This is a very interesting interview about emergent sf, where Geoff Ryman describes "mundane sf" and wonders about the field's dwindling. It's a cliche (and sometimes a troll) to declare a living thing dead, but Ryman's doing something different.
First, Ryman observes that the publishing category of "sf" has increasingly become "mostly fantasy":
In the 2004 Clarion West not much SF was being written. Lots and lots of vampires and zombies in post-genre fiction –- fiction in which the weird happens but actually is not the whole focus of the story. We didn’t get many SF stories. This year’s Clarion even more so.
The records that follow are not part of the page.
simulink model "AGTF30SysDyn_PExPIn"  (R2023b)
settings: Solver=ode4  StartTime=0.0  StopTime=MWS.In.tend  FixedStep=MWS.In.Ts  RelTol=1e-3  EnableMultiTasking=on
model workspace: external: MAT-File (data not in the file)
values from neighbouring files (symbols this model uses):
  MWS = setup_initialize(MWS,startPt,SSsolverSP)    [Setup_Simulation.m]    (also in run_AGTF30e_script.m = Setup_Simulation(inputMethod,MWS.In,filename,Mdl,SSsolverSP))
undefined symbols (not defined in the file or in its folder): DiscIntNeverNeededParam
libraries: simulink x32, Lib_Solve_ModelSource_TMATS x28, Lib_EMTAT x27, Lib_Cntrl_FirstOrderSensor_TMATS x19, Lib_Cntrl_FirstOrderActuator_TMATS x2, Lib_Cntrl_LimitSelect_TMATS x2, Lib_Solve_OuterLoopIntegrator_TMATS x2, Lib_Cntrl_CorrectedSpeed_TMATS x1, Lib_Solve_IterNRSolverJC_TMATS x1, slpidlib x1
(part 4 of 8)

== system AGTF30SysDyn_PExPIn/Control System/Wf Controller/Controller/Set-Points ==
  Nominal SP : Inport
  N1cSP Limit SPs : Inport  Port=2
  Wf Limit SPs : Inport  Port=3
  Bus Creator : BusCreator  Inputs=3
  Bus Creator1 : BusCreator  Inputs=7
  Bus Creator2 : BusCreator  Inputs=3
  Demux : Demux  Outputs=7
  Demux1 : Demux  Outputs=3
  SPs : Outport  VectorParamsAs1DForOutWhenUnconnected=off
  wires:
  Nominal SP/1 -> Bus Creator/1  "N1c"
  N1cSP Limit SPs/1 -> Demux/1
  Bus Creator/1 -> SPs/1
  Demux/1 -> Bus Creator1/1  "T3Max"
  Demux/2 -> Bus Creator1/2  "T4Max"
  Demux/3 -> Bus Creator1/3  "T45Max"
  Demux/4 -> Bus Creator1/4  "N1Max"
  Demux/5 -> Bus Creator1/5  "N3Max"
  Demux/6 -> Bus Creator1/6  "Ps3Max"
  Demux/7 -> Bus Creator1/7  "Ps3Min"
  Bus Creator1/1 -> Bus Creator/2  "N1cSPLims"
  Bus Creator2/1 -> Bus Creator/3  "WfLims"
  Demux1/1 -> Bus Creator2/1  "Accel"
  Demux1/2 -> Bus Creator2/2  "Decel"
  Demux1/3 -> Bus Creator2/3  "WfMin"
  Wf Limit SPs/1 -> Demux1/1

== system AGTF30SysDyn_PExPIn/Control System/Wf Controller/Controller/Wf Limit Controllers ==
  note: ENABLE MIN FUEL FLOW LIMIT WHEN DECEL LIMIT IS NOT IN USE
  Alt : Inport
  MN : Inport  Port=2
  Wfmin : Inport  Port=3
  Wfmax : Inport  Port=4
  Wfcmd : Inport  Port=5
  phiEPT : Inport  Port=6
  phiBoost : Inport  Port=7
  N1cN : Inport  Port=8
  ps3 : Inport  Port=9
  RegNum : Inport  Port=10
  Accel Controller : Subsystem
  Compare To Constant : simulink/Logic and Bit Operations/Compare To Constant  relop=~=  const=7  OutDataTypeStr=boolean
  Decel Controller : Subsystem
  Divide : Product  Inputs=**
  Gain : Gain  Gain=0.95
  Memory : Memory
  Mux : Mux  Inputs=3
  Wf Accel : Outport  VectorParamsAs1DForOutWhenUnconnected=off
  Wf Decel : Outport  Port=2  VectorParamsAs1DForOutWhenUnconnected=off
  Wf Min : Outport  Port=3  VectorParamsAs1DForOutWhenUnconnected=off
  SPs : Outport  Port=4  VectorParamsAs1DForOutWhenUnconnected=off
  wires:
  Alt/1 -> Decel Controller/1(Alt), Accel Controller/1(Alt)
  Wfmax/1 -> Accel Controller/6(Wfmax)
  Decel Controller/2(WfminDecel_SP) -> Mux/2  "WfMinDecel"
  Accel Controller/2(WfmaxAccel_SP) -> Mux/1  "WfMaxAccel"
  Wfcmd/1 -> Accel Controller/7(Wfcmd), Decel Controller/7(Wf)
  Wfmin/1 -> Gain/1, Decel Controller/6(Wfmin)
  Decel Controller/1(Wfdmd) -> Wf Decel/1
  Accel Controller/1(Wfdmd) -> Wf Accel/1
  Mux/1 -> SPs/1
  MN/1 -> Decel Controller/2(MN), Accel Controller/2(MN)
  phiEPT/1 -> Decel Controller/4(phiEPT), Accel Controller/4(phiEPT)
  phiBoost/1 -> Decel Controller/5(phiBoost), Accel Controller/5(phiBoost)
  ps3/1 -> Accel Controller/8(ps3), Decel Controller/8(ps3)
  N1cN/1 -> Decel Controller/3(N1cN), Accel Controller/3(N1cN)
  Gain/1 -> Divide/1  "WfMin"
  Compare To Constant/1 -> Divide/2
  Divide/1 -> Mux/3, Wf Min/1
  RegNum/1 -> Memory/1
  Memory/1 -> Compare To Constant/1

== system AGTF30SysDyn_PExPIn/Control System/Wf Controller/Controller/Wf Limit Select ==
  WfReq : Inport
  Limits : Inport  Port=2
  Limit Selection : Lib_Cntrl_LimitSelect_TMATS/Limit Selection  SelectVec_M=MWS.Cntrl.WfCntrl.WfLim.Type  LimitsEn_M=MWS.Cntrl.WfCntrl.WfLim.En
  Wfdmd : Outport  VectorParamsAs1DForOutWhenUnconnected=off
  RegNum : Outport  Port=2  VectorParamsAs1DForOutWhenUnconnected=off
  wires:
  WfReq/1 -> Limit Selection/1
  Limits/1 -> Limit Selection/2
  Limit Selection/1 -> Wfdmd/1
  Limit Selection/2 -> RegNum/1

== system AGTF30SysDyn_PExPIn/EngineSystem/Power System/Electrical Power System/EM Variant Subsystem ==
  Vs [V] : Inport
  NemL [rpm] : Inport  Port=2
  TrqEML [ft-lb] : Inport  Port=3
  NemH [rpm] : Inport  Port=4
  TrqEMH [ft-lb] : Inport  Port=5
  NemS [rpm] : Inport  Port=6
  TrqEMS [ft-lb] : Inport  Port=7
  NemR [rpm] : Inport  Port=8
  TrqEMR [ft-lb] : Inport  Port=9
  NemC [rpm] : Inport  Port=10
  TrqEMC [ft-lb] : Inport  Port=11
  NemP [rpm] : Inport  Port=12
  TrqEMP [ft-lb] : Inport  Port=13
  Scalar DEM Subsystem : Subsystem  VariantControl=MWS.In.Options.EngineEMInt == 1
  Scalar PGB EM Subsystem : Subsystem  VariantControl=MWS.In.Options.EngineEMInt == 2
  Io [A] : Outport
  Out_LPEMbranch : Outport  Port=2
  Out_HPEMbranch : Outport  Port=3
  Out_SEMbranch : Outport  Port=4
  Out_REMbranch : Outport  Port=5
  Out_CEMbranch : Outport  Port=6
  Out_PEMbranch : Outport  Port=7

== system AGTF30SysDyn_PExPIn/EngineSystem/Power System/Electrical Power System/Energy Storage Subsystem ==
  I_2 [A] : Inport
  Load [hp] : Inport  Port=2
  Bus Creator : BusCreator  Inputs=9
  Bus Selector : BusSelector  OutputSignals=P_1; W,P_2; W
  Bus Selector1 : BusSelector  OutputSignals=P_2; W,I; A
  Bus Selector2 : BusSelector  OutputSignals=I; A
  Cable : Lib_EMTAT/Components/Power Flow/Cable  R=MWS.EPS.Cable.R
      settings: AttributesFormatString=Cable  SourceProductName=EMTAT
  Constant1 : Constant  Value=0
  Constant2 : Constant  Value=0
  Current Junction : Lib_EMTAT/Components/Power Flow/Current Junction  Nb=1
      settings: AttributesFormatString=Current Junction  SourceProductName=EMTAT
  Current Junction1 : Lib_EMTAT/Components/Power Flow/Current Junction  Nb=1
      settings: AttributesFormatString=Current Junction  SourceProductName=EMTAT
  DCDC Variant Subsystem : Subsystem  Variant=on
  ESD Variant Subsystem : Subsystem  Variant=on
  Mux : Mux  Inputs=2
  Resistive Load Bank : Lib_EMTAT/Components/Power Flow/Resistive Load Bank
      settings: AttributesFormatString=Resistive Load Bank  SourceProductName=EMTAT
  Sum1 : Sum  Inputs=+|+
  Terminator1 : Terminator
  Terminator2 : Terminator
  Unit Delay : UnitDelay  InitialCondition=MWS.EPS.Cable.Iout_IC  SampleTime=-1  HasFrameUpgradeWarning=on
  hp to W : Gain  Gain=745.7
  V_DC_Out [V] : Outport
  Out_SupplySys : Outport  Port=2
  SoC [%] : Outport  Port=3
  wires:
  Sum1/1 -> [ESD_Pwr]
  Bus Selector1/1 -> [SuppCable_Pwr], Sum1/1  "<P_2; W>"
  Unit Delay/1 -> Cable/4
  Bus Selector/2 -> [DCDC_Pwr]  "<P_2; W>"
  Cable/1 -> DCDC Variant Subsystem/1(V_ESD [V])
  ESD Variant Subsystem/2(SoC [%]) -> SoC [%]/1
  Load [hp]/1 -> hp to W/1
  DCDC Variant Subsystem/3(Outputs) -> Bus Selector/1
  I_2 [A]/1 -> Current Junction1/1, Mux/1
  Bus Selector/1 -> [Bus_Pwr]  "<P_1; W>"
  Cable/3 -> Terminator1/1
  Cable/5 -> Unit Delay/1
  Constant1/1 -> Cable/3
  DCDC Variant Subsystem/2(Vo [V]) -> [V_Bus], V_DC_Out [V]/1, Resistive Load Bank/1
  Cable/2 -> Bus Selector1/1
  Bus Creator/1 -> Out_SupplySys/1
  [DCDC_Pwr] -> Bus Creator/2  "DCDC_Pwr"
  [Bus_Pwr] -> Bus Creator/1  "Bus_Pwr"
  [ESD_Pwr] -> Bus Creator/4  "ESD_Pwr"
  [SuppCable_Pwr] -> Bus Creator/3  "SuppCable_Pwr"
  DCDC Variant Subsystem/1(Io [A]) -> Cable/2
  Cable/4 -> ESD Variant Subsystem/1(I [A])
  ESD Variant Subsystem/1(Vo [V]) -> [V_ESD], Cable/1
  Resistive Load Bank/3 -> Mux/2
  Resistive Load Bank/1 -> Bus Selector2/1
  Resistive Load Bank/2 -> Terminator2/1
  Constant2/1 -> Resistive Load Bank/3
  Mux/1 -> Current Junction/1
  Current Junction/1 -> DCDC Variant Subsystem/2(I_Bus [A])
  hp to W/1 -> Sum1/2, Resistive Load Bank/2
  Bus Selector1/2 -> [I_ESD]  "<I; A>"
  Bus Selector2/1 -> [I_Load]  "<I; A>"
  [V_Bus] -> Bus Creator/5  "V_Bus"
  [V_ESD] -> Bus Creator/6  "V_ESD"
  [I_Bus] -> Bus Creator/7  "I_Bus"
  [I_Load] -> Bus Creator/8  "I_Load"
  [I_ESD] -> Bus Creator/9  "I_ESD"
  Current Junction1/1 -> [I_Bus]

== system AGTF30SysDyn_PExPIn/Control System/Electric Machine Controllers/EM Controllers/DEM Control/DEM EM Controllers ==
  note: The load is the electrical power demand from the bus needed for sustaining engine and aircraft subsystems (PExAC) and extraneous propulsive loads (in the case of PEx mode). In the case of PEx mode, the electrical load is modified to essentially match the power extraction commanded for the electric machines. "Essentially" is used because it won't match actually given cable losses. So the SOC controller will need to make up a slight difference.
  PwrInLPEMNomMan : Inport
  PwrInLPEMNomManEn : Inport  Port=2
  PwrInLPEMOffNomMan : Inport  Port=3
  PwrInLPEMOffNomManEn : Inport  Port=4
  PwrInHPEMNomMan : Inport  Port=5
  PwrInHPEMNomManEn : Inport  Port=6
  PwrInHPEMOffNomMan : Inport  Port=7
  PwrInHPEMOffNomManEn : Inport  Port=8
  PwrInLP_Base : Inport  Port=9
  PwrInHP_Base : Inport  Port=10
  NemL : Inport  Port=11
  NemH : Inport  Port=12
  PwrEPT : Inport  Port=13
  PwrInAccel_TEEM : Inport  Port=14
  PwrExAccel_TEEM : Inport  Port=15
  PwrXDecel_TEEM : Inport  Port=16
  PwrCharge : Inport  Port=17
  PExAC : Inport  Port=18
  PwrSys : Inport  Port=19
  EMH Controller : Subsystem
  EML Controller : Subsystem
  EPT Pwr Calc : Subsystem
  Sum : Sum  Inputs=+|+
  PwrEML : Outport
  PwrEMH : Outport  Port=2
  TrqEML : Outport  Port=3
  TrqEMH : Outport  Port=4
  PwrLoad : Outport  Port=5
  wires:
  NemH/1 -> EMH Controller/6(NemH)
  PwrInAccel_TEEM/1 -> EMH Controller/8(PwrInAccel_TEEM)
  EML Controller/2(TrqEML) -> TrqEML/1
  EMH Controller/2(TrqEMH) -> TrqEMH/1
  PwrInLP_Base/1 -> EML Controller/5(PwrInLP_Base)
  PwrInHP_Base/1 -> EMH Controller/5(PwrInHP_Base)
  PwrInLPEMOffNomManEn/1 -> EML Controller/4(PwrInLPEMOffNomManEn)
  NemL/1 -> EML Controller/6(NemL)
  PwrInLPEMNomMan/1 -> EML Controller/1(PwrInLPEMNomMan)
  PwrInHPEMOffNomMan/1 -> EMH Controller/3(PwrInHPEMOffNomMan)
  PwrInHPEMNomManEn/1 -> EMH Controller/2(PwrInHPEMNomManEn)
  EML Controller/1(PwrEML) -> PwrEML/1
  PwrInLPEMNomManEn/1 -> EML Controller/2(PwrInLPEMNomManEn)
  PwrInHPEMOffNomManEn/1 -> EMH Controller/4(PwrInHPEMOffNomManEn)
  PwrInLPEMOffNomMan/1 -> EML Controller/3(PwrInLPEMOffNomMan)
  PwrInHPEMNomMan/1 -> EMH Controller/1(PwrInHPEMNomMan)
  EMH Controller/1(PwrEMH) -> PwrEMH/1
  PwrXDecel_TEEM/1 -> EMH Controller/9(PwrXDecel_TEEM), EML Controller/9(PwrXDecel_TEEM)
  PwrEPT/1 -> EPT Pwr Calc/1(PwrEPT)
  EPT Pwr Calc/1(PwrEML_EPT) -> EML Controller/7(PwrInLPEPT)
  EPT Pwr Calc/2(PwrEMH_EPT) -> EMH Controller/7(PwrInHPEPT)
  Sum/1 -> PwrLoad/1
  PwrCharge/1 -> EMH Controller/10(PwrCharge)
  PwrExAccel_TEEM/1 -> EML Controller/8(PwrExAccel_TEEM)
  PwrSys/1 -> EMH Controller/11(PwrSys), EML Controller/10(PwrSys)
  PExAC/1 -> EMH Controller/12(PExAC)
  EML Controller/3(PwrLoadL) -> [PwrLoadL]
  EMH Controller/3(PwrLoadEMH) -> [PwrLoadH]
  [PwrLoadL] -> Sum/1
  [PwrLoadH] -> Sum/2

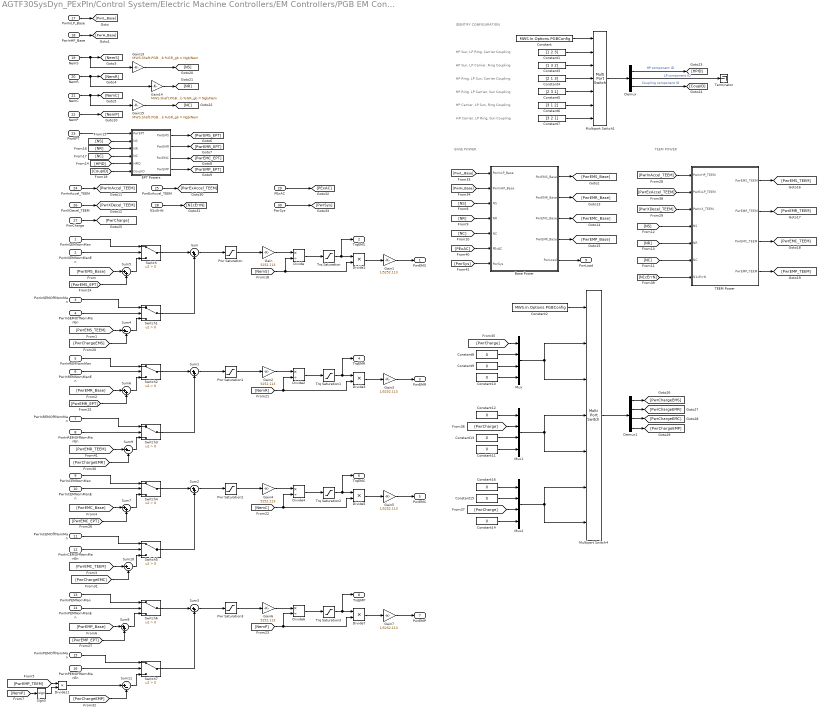
== system AGTF30SysDyn_PExPIn/Control System/Electric Machine Controllers/EM Controllers/PGB EM Control/VEATE EM Controllers ==
  note: HP Sun, LP RIng, Carrier Coupling
  note: HP Sun, LP Carrier, Ring Coupling
  note: IDENTIFY CONFIGURATION
  note: HP Ring, LP Sun, Carrier Coupling
  note: HP Carrier, LP Sun, Ring Coupling
  note: HP Ring, LP Carrier, Sun Coupling
  note: HP Carrier, LP Ring, Sun Coupling
  note: TEEM POWER
  note: BASE POWER
  PwrInSEMNomMan : Inport
  PwrInSEMNomManEn : Inport  Port=2
  PwrInSEMOffNomMan : Inport  Port=3
  PwrInSEMOffNomManEn : Inport  Port=4
  PwrInREMNomMan : Inport  Port=5
  PwrInREMNomManEn : Inport  Port=6
  PwrInREMOffNomMan : Inport  Port=7
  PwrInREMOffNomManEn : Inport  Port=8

That seems about right to me. Note that he's not objecting to either f or horror.
Then Ryman explores what's changed in the world. His major argument is chilling:
My first thought was of James Kunstler's World Made By Hand (2008), about a post-peak oil society. Grim stuff for much of it (and my review is coming). My wife (Infocultwife!) says this makes her think of Octavia Butler's powerful Parable of the Sower (1993) and sequel, concerning contemporary American society in disintegration. Which brought to mind Kim Stanley Robinson's "Down and Out in the Year 2000" (1992), that fine smack-down of cyberpunk's disconnection from social realities. And Jack Womack's stunning Random Acts of Senseless Violence (1995), also following social disintegration, but in New York City. These are all stories predicated on emerging or present societies in contraction. Not dystopias about the present only, but arguments in this sense about the future.
The contrast with Star Wars, or Star Trek, or steampunk, is large.
Still thinking about Ryman's argument.
(via MetaFilter)
Hmmm... and I would have said that most contemporary horror is actually fantasy or science fiction.
Sometimes I think that genre fiction needs to get back to its gothic roots and start the whole process over.
Posted by: HP | November 17, 2008 at 00:18
What are good examples of that current sf-in-horror, HP?
Would love to see more of that Poe matrix, myself.